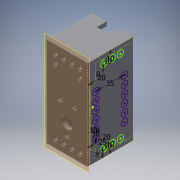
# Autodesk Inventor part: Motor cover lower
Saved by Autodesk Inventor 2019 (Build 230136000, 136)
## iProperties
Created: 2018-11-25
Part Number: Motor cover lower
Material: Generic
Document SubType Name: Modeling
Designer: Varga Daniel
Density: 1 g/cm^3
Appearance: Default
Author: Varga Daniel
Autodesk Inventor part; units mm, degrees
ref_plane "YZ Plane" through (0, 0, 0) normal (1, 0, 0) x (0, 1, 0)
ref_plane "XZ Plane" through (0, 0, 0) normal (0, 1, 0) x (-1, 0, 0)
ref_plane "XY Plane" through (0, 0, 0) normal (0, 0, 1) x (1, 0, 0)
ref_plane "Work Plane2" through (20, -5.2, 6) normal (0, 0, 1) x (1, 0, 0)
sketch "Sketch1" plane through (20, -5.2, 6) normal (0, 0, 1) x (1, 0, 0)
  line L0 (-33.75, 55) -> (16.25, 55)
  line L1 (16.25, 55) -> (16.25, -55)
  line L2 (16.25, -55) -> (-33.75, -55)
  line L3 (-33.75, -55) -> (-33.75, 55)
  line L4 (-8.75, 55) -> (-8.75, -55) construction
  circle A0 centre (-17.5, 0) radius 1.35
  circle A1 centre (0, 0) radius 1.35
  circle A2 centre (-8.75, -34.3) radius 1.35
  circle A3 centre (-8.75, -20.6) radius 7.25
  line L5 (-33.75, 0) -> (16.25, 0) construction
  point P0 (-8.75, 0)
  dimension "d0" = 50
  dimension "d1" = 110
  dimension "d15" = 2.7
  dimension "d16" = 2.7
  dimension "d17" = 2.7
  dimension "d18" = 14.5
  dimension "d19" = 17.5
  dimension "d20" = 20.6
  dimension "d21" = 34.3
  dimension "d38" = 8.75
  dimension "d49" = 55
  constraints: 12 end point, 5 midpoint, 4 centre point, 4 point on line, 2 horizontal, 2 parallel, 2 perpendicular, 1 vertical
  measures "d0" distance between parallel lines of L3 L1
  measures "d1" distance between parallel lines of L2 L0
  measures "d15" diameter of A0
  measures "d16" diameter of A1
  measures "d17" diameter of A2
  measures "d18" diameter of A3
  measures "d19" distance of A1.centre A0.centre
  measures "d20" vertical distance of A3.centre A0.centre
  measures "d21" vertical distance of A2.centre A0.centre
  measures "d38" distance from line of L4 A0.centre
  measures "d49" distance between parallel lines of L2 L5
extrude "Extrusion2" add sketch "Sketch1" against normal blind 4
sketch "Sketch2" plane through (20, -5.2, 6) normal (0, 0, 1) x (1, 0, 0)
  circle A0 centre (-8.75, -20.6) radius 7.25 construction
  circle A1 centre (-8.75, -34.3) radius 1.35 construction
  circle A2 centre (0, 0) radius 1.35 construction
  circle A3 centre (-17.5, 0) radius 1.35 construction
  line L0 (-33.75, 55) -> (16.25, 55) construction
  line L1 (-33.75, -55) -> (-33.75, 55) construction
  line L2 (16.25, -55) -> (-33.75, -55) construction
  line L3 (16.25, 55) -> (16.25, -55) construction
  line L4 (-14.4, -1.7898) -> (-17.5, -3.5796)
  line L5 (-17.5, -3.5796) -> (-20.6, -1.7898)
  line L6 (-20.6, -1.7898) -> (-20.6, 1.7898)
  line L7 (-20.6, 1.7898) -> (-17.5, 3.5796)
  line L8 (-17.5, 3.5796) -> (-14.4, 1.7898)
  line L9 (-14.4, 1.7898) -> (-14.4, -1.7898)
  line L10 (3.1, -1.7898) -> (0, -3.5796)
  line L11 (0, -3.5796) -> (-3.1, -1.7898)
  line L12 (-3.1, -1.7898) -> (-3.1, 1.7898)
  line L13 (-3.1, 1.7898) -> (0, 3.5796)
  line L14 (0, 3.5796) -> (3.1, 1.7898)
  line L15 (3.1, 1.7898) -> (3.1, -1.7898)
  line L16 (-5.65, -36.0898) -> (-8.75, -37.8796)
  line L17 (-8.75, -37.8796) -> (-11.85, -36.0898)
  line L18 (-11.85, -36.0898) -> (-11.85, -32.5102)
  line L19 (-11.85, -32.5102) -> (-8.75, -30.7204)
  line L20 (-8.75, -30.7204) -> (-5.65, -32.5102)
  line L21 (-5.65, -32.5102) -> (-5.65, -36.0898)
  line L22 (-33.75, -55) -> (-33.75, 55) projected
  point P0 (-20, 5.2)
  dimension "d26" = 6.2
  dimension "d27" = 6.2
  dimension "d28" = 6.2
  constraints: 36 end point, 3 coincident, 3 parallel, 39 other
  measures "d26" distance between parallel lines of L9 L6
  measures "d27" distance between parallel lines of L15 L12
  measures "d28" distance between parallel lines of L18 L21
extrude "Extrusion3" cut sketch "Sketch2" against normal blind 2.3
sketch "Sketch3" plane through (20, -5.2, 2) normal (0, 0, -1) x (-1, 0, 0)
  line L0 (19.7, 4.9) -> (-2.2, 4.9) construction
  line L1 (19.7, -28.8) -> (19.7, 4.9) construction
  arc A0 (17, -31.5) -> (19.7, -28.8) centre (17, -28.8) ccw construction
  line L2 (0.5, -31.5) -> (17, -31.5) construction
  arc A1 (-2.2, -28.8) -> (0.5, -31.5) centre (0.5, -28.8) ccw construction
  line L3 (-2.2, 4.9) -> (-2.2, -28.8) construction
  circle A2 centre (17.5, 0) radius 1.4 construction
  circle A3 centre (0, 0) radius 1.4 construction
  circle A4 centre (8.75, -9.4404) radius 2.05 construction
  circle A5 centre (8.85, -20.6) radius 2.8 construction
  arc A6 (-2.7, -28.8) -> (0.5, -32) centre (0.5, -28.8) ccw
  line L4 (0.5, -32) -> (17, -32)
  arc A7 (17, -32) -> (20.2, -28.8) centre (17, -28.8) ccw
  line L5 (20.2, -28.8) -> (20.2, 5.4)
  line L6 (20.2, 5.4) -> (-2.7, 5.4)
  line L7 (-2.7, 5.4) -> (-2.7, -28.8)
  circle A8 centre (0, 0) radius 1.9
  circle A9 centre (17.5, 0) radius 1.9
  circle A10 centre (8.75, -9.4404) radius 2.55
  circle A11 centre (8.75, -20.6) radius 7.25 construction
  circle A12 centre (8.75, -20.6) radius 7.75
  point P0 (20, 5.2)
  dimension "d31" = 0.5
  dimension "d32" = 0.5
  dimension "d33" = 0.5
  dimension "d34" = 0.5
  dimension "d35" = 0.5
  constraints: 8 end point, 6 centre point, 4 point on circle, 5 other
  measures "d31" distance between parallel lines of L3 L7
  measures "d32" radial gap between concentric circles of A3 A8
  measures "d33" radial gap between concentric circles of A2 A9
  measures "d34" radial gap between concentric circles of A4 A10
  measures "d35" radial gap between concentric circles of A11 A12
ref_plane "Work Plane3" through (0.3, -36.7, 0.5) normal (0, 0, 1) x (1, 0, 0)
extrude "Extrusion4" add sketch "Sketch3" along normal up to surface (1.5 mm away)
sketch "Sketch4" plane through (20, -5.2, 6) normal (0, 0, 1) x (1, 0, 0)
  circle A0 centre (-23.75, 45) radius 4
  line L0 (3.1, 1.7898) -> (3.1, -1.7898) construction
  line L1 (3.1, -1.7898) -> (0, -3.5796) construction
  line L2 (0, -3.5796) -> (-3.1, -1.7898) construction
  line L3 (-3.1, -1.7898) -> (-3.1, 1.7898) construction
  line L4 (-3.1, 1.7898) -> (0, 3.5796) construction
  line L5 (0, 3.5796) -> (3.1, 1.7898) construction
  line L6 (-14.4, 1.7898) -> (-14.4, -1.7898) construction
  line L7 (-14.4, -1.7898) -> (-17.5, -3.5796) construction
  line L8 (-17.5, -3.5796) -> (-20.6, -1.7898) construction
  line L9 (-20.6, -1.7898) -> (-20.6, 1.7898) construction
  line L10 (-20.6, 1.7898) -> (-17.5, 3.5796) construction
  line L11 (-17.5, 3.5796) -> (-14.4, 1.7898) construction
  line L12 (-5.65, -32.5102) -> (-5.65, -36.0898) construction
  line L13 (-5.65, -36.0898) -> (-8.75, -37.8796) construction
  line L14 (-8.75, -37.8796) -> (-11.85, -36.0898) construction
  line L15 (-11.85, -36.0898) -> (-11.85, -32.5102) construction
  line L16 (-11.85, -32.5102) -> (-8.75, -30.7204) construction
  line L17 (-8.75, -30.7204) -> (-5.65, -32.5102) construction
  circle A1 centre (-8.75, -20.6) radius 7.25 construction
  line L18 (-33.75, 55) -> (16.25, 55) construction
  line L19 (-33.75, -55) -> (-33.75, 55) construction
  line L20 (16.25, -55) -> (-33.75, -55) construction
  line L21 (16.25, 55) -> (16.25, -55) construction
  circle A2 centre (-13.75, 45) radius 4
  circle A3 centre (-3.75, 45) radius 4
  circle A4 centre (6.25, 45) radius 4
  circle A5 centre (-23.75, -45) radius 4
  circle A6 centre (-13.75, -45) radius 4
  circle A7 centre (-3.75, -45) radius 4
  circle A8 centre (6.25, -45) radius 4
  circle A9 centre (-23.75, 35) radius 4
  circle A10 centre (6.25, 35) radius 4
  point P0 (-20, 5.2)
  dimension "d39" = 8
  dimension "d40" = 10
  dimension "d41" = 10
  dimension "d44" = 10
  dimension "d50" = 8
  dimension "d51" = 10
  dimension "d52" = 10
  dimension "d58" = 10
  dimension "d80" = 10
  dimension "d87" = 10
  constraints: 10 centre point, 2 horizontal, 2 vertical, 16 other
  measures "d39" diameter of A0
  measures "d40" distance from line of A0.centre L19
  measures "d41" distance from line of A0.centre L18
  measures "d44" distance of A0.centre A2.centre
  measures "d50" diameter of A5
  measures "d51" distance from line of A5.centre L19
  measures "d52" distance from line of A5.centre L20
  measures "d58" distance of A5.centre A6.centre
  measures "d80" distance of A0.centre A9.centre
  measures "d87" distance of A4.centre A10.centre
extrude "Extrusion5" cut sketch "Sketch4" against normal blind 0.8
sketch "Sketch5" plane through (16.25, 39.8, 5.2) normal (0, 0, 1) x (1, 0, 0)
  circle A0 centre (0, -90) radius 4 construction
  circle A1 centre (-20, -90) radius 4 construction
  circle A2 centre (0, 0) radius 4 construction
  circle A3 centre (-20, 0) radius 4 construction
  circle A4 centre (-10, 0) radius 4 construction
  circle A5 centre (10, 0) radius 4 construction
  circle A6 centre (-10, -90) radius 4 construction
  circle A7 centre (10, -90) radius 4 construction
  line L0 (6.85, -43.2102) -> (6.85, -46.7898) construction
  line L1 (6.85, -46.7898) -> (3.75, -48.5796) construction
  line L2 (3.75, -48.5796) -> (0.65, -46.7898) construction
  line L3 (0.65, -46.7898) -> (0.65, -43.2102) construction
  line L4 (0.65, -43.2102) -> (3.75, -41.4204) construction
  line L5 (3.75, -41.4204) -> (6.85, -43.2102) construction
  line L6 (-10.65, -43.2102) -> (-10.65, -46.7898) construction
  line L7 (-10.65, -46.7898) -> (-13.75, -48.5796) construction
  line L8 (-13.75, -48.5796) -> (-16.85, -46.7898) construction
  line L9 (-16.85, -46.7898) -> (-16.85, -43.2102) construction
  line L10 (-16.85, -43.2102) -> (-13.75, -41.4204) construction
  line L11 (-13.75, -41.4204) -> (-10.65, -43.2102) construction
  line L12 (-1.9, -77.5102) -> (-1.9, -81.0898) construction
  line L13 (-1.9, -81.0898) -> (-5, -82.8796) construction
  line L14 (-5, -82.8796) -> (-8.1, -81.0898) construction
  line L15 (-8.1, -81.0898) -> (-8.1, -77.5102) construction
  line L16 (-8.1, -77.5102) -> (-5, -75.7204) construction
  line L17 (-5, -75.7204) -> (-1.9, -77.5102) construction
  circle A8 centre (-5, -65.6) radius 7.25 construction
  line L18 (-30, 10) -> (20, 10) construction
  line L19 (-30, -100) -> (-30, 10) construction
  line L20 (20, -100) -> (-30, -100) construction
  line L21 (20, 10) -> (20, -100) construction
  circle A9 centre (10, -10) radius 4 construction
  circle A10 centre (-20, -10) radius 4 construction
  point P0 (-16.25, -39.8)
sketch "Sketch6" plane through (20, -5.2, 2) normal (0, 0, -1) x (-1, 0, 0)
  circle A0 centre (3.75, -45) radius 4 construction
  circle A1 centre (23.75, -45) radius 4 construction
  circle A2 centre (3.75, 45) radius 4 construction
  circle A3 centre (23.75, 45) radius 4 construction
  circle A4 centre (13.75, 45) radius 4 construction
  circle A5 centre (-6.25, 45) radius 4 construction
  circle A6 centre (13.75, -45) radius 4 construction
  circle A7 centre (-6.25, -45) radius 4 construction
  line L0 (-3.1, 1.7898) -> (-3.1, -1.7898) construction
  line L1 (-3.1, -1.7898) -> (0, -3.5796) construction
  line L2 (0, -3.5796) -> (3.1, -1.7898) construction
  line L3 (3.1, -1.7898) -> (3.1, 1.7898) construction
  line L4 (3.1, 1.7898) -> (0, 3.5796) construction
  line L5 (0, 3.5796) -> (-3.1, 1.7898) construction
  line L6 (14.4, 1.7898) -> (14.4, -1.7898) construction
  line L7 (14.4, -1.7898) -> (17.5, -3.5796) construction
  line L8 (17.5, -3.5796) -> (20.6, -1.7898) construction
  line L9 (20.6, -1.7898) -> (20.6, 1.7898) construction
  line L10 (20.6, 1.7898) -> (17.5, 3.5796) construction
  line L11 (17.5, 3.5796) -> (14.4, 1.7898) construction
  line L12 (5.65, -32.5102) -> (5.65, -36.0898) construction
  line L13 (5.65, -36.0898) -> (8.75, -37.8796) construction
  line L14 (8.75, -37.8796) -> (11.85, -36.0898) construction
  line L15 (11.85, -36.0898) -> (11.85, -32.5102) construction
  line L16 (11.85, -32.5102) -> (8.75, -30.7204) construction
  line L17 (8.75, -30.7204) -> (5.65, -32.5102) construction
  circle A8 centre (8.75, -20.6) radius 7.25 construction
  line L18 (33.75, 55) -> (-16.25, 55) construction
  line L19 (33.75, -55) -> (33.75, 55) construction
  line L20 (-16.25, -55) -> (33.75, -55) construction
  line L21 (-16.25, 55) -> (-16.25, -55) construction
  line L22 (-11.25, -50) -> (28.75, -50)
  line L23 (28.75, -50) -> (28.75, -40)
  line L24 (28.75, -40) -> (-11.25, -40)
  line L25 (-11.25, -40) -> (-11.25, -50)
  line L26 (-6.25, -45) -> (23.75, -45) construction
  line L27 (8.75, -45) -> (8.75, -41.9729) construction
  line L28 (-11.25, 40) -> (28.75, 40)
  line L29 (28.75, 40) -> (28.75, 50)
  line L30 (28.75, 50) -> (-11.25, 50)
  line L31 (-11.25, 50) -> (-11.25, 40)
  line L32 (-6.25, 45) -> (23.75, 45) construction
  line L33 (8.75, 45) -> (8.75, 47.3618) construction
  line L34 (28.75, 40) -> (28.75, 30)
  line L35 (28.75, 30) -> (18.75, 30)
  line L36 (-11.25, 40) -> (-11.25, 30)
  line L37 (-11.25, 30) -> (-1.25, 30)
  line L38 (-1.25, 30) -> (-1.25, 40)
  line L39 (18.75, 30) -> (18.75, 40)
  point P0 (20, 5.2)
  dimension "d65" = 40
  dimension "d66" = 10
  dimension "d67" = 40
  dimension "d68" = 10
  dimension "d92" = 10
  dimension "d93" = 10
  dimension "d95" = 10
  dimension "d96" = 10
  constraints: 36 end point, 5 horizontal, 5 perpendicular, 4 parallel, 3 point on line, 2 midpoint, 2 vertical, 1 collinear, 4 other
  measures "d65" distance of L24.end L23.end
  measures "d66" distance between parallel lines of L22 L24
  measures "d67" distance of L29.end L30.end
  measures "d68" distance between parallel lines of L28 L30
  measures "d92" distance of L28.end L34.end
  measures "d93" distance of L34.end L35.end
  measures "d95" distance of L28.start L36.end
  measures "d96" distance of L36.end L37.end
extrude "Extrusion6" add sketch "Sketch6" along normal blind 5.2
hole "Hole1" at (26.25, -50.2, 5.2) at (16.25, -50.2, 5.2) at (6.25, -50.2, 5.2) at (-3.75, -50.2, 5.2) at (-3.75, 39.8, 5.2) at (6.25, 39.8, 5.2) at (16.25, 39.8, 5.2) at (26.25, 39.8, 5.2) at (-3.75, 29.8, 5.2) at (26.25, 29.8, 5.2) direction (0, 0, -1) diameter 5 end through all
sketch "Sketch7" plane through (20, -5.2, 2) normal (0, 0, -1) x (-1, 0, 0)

__Task statement__
Could you repeat exactly the lines above from the line with "Created: 2018-11-25" up to and including the line with "circle A2 centre (-8.75, -34.3) radius 1.35", and only those?

__Answer below__
Created: 2018-11-25
Part Number: Motor cover lower
Material: Generic
Document SubType Name: Modeling
Designer: Varga Daniel
Density: 1 g/cm^3
Appearance: Default
Author: Varga Daniel
Autodesk Inventor part; units mm, degrees
ref_plane "YZ Plane" through (0, 0, 0) normal (1, 0, 0) x (0, 1, 0)
ref_plane "XZ Plane" through (0, 0, 0) normal (0, 1, 0) x (-1, 0, 0)
ref_plane "XY Plane" through (0, 0, 0) normal (0, 0, 1) x (1, 0, 0)
ref_plane "Work Plane2" through (20, -5.2, 6) normal (0, 0, 1) x (1, 0, 0)
sketch "Sketch1" plane through (20, -5.2, 6) normal (0, 0, 1) x (1, 0, 0)
  line L0 (-33.75, 55) -> (16.25, 55)
  line L1 (16.25, 55) -> (16.25, -55)
  line L2 (16.25, -55) -> (-33.75, -55)
  line L3 (-33.75, -55) -> (-33.75, 55)
  line L4 (-8.75, 55) -> (-8.75, -55) construction
  circle A0 centre (-17.5, 0) radius 1.35
  circle A1 centre (0, 0) radius 1.35
  circle A2 centre (-8.75, -34.3) radius 1.35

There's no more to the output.